Some of the lines below need repeating. Reproduce exactly those between the lines holding "color=color, linetype=linetype, lineweight=lineweight)" and "msp.add_lwpolyline(points, close=True)", inclusive.

[Information shown — start]

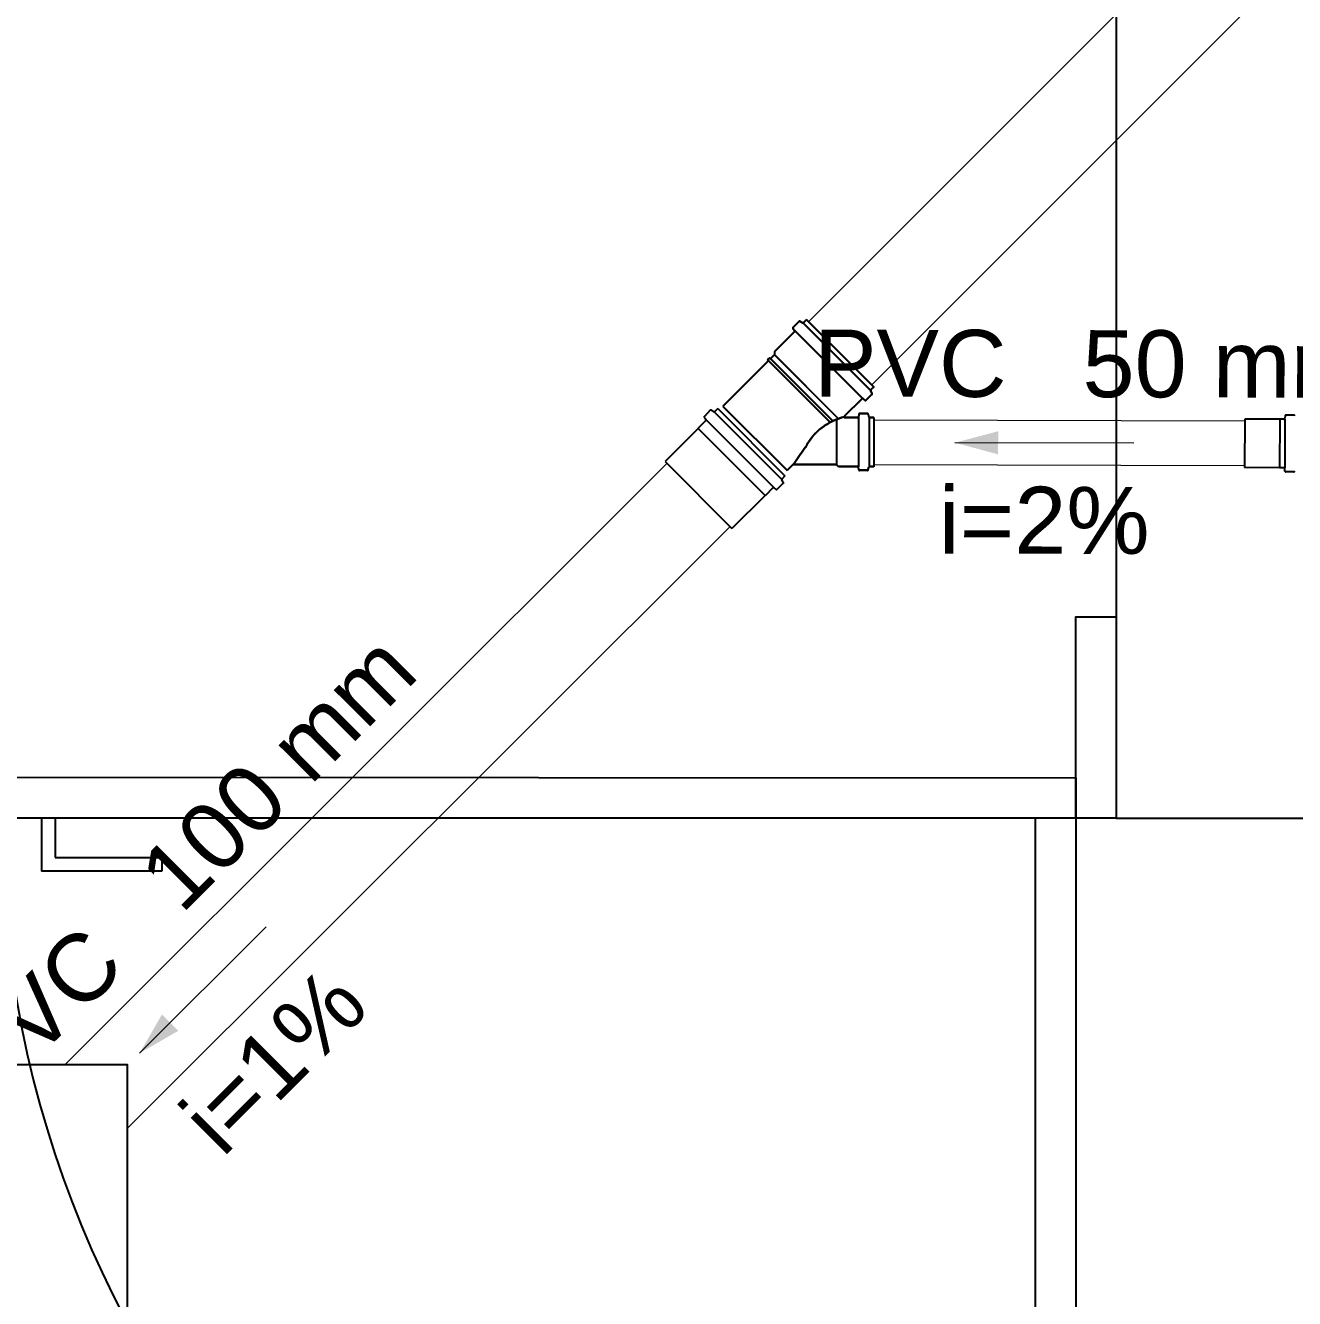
# Model space of a CAD drawing. Header units: millimetres. Extents: x -823 to -490, y -63 to 119.
# Drawn here: x -791.535 to -789.638, y 64.652 to 66.556 of the extents above; entities that cross this region are included whole.
import ezdxf

# ---------------------------------------------------------------- set-up
doc = ezdxf.new("R2010")
doc.units = ezdxf.units.MM
doc.header["$LTSCALE"] = 0.2
doc.header["$MEASUREMENT"] = 0
doc.layers.add('Simbolos', color=5, linetype='Continuous')
doc.layers.add('Simbolos_int', color=2, linetype='Continuous')
for name, color, linetype, lineweight in [('TQ-Condutos', 5, 'Continuous', 5), ('TQ-Sentido conduto', 9, 'Continuous', 5), ('TQ-Textos conduto', 7, 'Continuous', 5)]:
    doc.layers.add(name, color=color, linetype=linetype, lineweight=lineweight)
doc.styles.add('Arial', font='arial.ttf')

msp = doc.modelspace()

# ---------------------------------------------------------------- hatches: boundary and pattern name
at = {"layer": 'TQ-Sentido conduto', "linetype": 'Continuous'}
for points in [[(-790.1456, 65.9321), (-790.0811, 65.9146), (-790.081, 65.9492)], [(-791.3646, 65.0191), (-791.3067, 65.0525), (-791.3312, 65.0769)]]:
    msp.add_hatch(color=256, dxfattribs=at).paths.add_polyline_path(points)

# ---------------------------------------------------------------- linework, layer by layer
for p, q in [((-791.5112, 65.3717), (-791.5112, 65.3115)), ((-791.4911, 65.3717), (-791.4911, 65.3115)), ((-791.5112, 65.3115), (-791.5112, 65.2914)), ((-791.4911, 65.3115), (-791.3316, 65.3115)), ((-791.3316, 65.3115), (-791.3316, 65.2914)), ((-791.3316, 65.2914), (-791.5112, 65.2914))]:
    msp.add_line(p, q)
at = {"linetype": 'Continuous'}
for p, q in [((-790.0252, 63.7643), (-790.0252, 65.3707)), ((-789.965, 65.3707), (-789.965, 63.7643))]:
    msp.add_line(p, q, dxfattribs=at)
msp.add_lwpolyline([(-793.2189, 87.5596), (-793.2189, 67.4396), (-793.2189, 67.3593), (-793.2189, 67.3593), (-793.2189, 65.3707), (-791.6326, 65.3707), (-791.6326, 65.6717), (-792.2105, 65.6717), (-792.9169, 65.6717), (-792.9179, 67.3593), (-792.9179, 67.4396), (-792.9169, 67.4396), (-792.9169, 69.2867), (-789.9048, 69.2867), (-789.9048, 65.3707), (-789.6038, 65.3707)])
for points in [[(-789.965, 65.3707), (-789.965, 65.6717), (-789.9048, 65.6717), (-789.9048, 65.3707), (-789.965, 65.3707)], [(-791.5714, 65.3707), (-791.5714, 65.4319), (-789.965, 65.4309), (-789.965, 65.3707), (-791.5714, 65.3707)]]:
    msp.add_lwpolyline(points, close=True)
msp.add_arc((-789.966, 65.3707), 1.6055, 179.973, 267.883, dxfattribs=at)
at = {"layer": 'Simbolos'}
for p, q in [((-790.3787, 66.1137), (-790.3876, 66.1047)), ((-790.3787, 66.1132), (-790.3876, 66.1043)), ((-790.3771, 66.1139), (-790.3736, 66.1119)), ((-790.3771, 66.1134), (-790.3736, 66.1114)), ((-790.3678, 66.1163), (-790.372, 66.1121)), ((-790.3678, 66.1158), (-790.372, 66.1116)), ((-790.3678, 66.1163), (-790.2671, 66.0157)), ((-790.3678, 66.1158), (-790.2671, 66.0152)), ((-790.3856, 66.0985), (-790.4156, 66.0684)), ((-790.3856, 66.098), (-790.4156, 66.0679)), ((-790.3877, 66.1029), (-790.3855, 66.1003)), ((-790.3877, 66.1025), (-790.3855, 66.0998)), ((-790.4245, 66.0549), (-790.4925, 65.9869)), ((-790.4245, 66.0544), (-790.4925, 65.9864)), ((-790.423, 66.0592), (-790.4258, 66.0564)), ((-790.423, 66.0587), (-790.4258, 66.056)), ((-790.4245, 66.0549), (-790.4258, 66.0564)), ((-790.4245, 66.0544), (-790.4258, 66.056)), ((-790.4215, 66.0579), (-790.423, 66.0592)), ((-790.4215, 66.0575), (-790.423, 66.0587)), ((-790.4156, 66.0638), (-790.4215, 66.0579)), ((-790.4156, 66.0633), (-790.4215, 66.0575)), ((-790.4156, 66.0684), (-790.4156, 66.0638)), ((-790.4156, 66.0679), (-790.4156, 66.0633)), ((-790.2671, 66.0157), (-790.2713, 66.0115)), ((-790.2671, 66.0152), (-790.2713, 66.011)), ((-790.2849, 65.9979), (-790.3107, 65.9721)), ((-790.2849, 65.9974), (-790.3107, 65.9716)), ((-790.2805, 65.9958), (-790.2831, 65.998)), ((-790.2805, 65.9953), (-790.2831, 65.9975)), ((-790.2697, 66.0048), (-790.2787, 65.9958)), ((-790.2697, 66.0043), (-790.2787, 65.9954)), ((-790.2695, 66.0064), (-790.2715, 66.0099)), ((-790.2695, 66.0059), (-790.2715, 66.0094)), ((-790.5114, 65.9805), (-790.5203, 65.9715)), ((-790.5098, 65.9807), (-790.5063, 65.9787)), ((-790.5004, 65.9831), (-790.5046, 65.9789)), ((-790.5004, 65.9831), (-790.3999, 65.8824)), ((-790.4925, 65.9869), (-790.3965, 65.8909)), ((-790.4925, 65.9864), (-790.3965, 65.8904)), ((-790.2896, 65.9745), (-790.2899, 65.971)), ((-790.2766, 65.9757), (-790.2883, 65.9757)), ((-790.2766, 65.9753), (-790.2883, 65.9753)), ((-790.2753, 65.9748), (-790.2742, 65.9708)), ((-790.5182, 65.9653), (-790.5297, 65.9539)), ((-790.5204, 65.9697), (-790.5182, 65.9671)), ((-790.2912, 65.9698), (-790.3098, 65.9698)), ((-790.2912, 65.9693), (-790.3098, 65.9693)), ((-790.2896, 65.974), (-790.2899, 65.9705)), ((-790.2753, 65.9743), (-790.2742, 65.9703)), ((-790.2671, 65.9698), (-790.2729, 65.9698)), ((-790.2671, 65.9693), (-790.2729, 65.9693)), ((-790.2671, 65.9698), (-790.2671, 65.8967)), ((-790.2671, 65.9693), (-790.2671, 65.8962)), ((-789.6603, 65.9673), (-789.7125, 65.9674)), ((-789.66, 65.9675), (-789.6603, 65.9673)), ((-789.6538, 65.9675), (-789.66, 65.9675)), ((-789.6521, 65.9722), (-789.6524, 65.9687)), ((-789.6391, 65.9734), (-789.6508, 65.9735)), ((-790.5297, 65.9534), (-790.5791, 65.904)), ((-790.5297, 65.9539), (-790.5297, 65.9534)), ((-790.388, 65.8994), (-790.3965, 65.8909)), ((-790.388, 65.8989), (-790.3965, 65.8904)), ((-790.3226, 65.8994), (-790.388, 65.8994)), ((-790.3226, 65.8989), (-790.388, 65.8989)), ((-790.3199, 65.8967), (-790.3226, 65.8994)), ((-790.3199, 65.8962), (-790.3226, 65.8989)), ((-790.3999, 65.8824), (-790.4041, 65.8782)), ((-790.2912, 65.8967), (-790.3199, 65.8967)), ((-790.2912, 65.8962), (-790.3199, 65.8962)), ((-790.2896, 65.892), (-790.2899, 65.8955)), ((-790.2896, 65.8915), (-790.2899, 65.895)), ((-790.2766, 65.8908), (-790.2883, 65.8908)), ((-790.2766, 65.8903), (-790.2883, 65.8903)), ((-790.2753, 65.8918), (-790.2742, 65.8957)), ((-790.2753, 65.8913), (-790.2742, 65.8952)), ((-790.2671, 65.8967), (-790.2729, 65.8967)), ((-790.2671, 65.8962), (-790.2729, 65.8962)), ((-789.6605, 65.8947), (-789.7126, 65.8948)), ((-789.6602, 65.8944), (-789.6605, 65.8947)), ((-789.6539, 65.8944), (-789.6602, 65.8944)), ((-789.6523, 65.8897), (-789.6526, 65.8932)), ((-789.6393, 65.8884), (-789.651, 65.8885)), ((-790.4177, 65.8646), (-790.4291, 65.8532)), ((-790.4132, 65.8625), (-790.4159, 65.8647)), ((-790.4025, 65.8715), (-790.4114, 65.8626)), ((-790.4023, 65.8731), (-790.4043, 65.8766)), ((-790.4296, 65.8532), (-790.479, 65.8038)), ((-790.4291, 65.8532), (-790.4296, 65.8532))]:
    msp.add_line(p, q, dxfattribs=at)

[Information shown — finish]

#### Written response:
    doc.layers.add(name, color=color, linetype=linetype, lineweight=lineweight)
doc.styles.add('Arial', font='arial.ttf')

msp = doc.modelspace()

# ---------------------------------------------------------------- hatches: boundary and pattern name
at = {"layer": 'TQ-Sentido conduto', "linetype": 'Continuous'}
for points in [[(-790.1456, 65.9321), (-790.0811, 65.9146), (-790.081, 65.9492)], [(-791.3646, 65.0191), (-791.3067, 65.0525), (-791.3312, 65.0769)]]:
    msp.add_hatch(color=256, dxfattribs=at).paths.add_polyline_path(points)

# ---------------------------------------------------------------- linework, layer by layer
for p, q in [((-791.5112, 65.3717), (-791.5112, 65.3115)), ((-791.4911, 65.3717), (-791.4911, 65.3115)), ((-791.5112, 65.3115), (-791.5112, 65.2914)), ((-791.4911, 65.3115), (-791.3316, 65.3115)), ((-791.3316, 65.3115), (-791.3316, 65.2914)), ((-791.3316, 65.2914), (-791.5112, 65.2914))]:
    msp.add_line(p, q)
at = {"linetype": 'Continuous'}
for p, q in [((-790.0252, 63.7643), (-790.0252, 65.3707)), ((-789.965, 65.3707), (-789.965, 63.7643))]:
    msp.add_line(p, q, dxfattribs=at)
msp.add_lwpolyline([(-793.2189, 87.5596), (-793.2189, 67.4396), (-793.2189, 67.3593), (-793.2189, 67.3593), (-793.2189, 65.3707), (-791.6326, 65.3707), (-791.6326, 65.6717), (-792.2105, 65.6717), (-792.9169, 65.6717), (-792.9179, 67.3593), (-792.9179, 67.4396), (-792.9169, 67.4396), (-792.9169, 69.2867), (-789.9048, 69.2867), (-789.9048, 65.3707), (-789.6038, 65.3707)])
for points in [[(-789.965, 65.3707), (-789.965, 65.6717), (-789.9048, 65.6717), (-789.9048, 65.3707), (-789.965, 65.3707)], [(-791.5714, 65.3707), (-791.5714, 65.4319), (-789.965, 65.4309), (-789.965, 65.3707), (-791.5714, 65.3707)]]:
    msp.add_lwpolyline(points, close=True)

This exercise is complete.